▶ [Task requirements]: After locating the line with "To Workspace12 : ToWorkspace" in the data that follows, return it and every later line exactly, up to and including the line with "To Workspace14 : ToWorkspace".

▶ [Data entries]:
=-=-=-=-=

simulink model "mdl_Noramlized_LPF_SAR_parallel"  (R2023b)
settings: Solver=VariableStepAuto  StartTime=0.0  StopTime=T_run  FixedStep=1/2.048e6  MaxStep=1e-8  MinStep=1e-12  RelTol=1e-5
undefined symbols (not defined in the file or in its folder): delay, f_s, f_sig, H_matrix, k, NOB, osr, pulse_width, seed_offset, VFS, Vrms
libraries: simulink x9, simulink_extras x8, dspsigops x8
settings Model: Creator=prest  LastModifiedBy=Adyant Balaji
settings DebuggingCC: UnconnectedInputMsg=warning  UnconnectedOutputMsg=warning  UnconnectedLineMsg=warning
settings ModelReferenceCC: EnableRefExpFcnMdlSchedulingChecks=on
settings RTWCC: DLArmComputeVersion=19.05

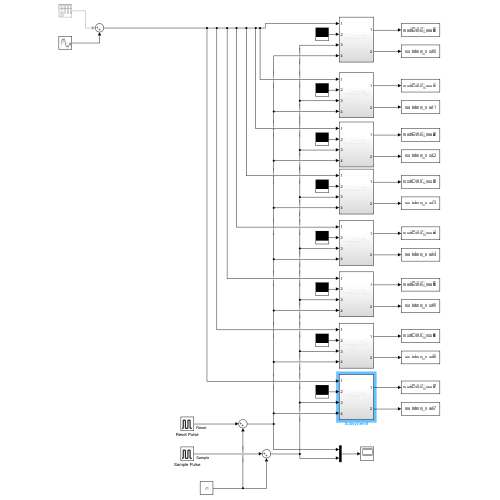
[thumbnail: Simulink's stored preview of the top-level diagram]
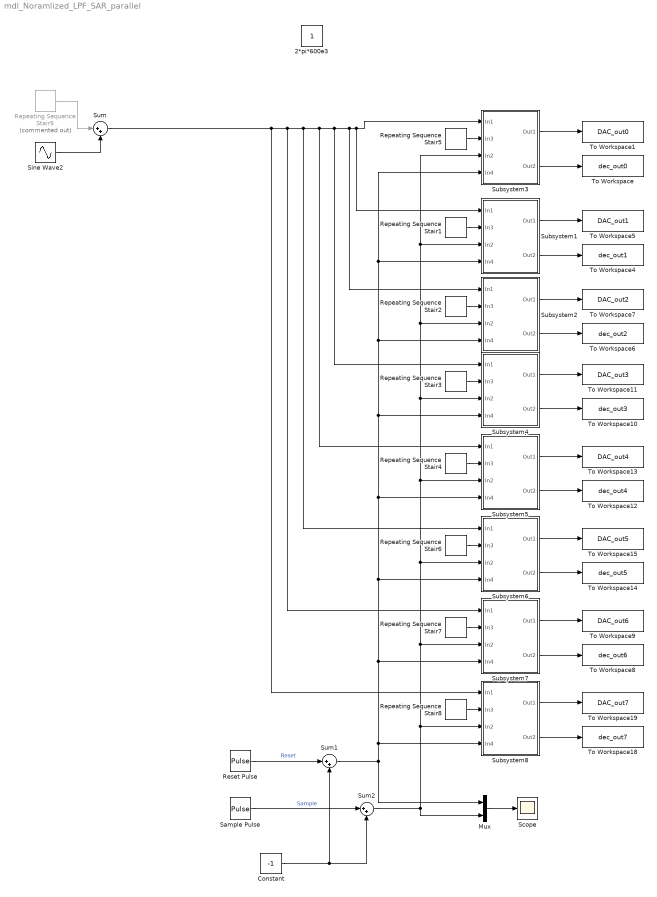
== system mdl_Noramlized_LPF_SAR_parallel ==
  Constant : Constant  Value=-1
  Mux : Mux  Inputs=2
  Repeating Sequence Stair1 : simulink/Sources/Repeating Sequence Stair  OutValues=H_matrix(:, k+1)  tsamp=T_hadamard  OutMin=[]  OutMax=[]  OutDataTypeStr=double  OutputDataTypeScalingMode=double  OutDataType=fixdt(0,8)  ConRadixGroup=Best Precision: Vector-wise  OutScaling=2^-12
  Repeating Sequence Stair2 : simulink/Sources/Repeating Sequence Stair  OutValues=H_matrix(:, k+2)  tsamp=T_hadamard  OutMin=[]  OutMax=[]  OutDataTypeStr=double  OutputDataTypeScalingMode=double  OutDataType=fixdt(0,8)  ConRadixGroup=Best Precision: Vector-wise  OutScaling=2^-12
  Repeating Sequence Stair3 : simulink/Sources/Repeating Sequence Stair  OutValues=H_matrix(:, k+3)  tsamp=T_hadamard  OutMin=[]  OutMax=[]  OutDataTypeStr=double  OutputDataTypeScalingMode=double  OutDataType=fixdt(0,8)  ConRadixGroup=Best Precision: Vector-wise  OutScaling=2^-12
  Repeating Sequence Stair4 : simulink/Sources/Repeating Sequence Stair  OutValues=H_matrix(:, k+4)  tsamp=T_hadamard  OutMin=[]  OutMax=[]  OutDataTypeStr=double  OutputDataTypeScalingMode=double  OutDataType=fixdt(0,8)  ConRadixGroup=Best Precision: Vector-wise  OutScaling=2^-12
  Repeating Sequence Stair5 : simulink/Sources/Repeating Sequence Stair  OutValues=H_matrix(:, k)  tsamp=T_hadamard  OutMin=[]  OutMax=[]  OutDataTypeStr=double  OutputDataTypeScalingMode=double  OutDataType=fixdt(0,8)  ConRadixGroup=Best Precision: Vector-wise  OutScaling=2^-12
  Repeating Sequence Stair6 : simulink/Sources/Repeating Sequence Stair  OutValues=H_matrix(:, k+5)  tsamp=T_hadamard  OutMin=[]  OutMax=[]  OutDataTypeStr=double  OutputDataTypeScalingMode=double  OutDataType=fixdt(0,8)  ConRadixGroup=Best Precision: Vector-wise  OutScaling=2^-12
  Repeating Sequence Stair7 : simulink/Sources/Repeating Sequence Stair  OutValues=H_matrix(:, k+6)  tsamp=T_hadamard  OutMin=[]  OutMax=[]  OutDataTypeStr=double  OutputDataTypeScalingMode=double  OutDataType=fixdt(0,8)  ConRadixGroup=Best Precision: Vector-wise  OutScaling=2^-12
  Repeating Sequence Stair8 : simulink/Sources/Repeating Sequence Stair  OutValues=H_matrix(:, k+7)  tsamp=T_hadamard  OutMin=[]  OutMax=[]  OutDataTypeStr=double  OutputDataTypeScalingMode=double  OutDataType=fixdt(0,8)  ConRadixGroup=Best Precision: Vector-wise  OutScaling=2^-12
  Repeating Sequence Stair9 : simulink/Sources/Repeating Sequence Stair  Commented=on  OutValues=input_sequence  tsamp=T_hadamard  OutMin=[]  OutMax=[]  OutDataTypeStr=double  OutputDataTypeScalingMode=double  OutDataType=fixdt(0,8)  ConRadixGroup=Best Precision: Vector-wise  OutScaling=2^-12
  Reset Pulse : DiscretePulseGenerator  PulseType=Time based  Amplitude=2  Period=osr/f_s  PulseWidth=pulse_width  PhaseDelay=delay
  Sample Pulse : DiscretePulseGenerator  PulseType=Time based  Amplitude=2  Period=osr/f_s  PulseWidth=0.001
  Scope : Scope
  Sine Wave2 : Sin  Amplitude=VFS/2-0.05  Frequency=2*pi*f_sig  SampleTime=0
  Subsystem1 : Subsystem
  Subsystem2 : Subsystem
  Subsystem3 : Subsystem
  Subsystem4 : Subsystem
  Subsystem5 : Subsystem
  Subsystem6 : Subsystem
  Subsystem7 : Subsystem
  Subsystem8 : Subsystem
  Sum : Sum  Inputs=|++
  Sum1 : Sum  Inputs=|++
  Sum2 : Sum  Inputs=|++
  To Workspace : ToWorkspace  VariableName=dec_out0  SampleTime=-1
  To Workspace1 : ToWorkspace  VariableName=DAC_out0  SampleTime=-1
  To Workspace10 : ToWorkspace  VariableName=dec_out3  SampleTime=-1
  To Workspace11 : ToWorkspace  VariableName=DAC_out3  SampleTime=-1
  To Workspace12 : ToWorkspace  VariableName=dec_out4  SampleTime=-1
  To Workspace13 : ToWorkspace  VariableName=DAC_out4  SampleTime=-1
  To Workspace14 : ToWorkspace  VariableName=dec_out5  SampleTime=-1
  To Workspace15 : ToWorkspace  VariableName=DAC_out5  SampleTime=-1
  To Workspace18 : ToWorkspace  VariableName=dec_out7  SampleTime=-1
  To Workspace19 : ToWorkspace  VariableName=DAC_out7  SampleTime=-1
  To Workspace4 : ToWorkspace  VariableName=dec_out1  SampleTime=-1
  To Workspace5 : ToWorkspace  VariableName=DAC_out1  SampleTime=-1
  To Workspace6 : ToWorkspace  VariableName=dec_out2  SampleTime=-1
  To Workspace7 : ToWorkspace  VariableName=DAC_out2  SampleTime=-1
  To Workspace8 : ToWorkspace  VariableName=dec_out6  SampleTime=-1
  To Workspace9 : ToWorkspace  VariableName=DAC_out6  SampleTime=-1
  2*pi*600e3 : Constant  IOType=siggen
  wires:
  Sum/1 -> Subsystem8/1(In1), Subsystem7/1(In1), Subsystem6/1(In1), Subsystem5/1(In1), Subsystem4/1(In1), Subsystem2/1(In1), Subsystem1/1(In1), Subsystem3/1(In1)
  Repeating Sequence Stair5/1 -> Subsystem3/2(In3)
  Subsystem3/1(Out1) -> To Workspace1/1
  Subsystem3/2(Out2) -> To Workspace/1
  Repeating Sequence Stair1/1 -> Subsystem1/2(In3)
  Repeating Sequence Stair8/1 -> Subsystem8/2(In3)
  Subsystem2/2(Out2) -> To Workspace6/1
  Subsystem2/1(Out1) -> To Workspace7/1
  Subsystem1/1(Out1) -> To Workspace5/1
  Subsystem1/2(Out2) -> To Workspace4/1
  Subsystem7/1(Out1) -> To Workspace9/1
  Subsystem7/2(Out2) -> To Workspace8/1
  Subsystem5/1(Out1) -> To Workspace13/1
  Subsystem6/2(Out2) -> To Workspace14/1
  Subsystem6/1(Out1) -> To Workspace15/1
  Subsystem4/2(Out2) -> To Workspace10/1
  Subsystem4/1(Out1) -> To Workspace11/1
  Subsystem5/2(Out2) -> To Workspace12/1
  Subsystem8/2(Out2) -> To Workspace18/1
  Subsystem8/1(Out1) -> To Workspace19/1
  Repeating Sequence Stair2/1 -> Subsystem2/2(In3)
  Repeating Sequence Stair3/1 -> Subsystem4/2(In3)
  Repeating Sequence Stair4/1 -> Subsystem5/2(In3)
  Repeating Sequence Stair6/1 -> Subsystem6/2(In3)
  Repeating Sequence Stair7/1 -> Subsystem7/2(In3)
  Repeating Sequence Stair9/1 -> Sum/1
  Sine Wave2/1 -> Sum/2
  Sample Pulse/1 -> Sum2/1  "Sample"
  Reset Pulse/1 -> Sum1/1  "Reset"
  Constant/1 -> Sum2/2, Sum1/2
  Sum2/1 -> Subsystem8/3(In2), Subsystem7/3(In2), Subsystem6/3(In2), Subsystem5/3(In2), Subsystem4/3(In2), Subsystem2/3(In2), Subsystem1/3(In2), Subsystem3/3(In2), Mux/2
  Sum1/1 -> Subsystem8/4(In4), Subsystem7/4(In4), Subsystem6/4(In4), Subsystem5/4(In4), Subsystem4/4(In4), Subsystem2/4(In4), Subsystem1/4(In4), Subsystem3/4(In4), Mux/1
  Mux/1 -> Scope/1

=-=-=-=-=

▶ [Response box]:
  To Workspace12 : ToWorkspace  VariableName=dec_out4  SampleTime=-1
  To Workspace13 : ToWorkspace  VariableName=DAC_out4  SampleTime=-1
  To Workspace14 : ToWorkspace  VariableName=dec_out5  SampleTime=-1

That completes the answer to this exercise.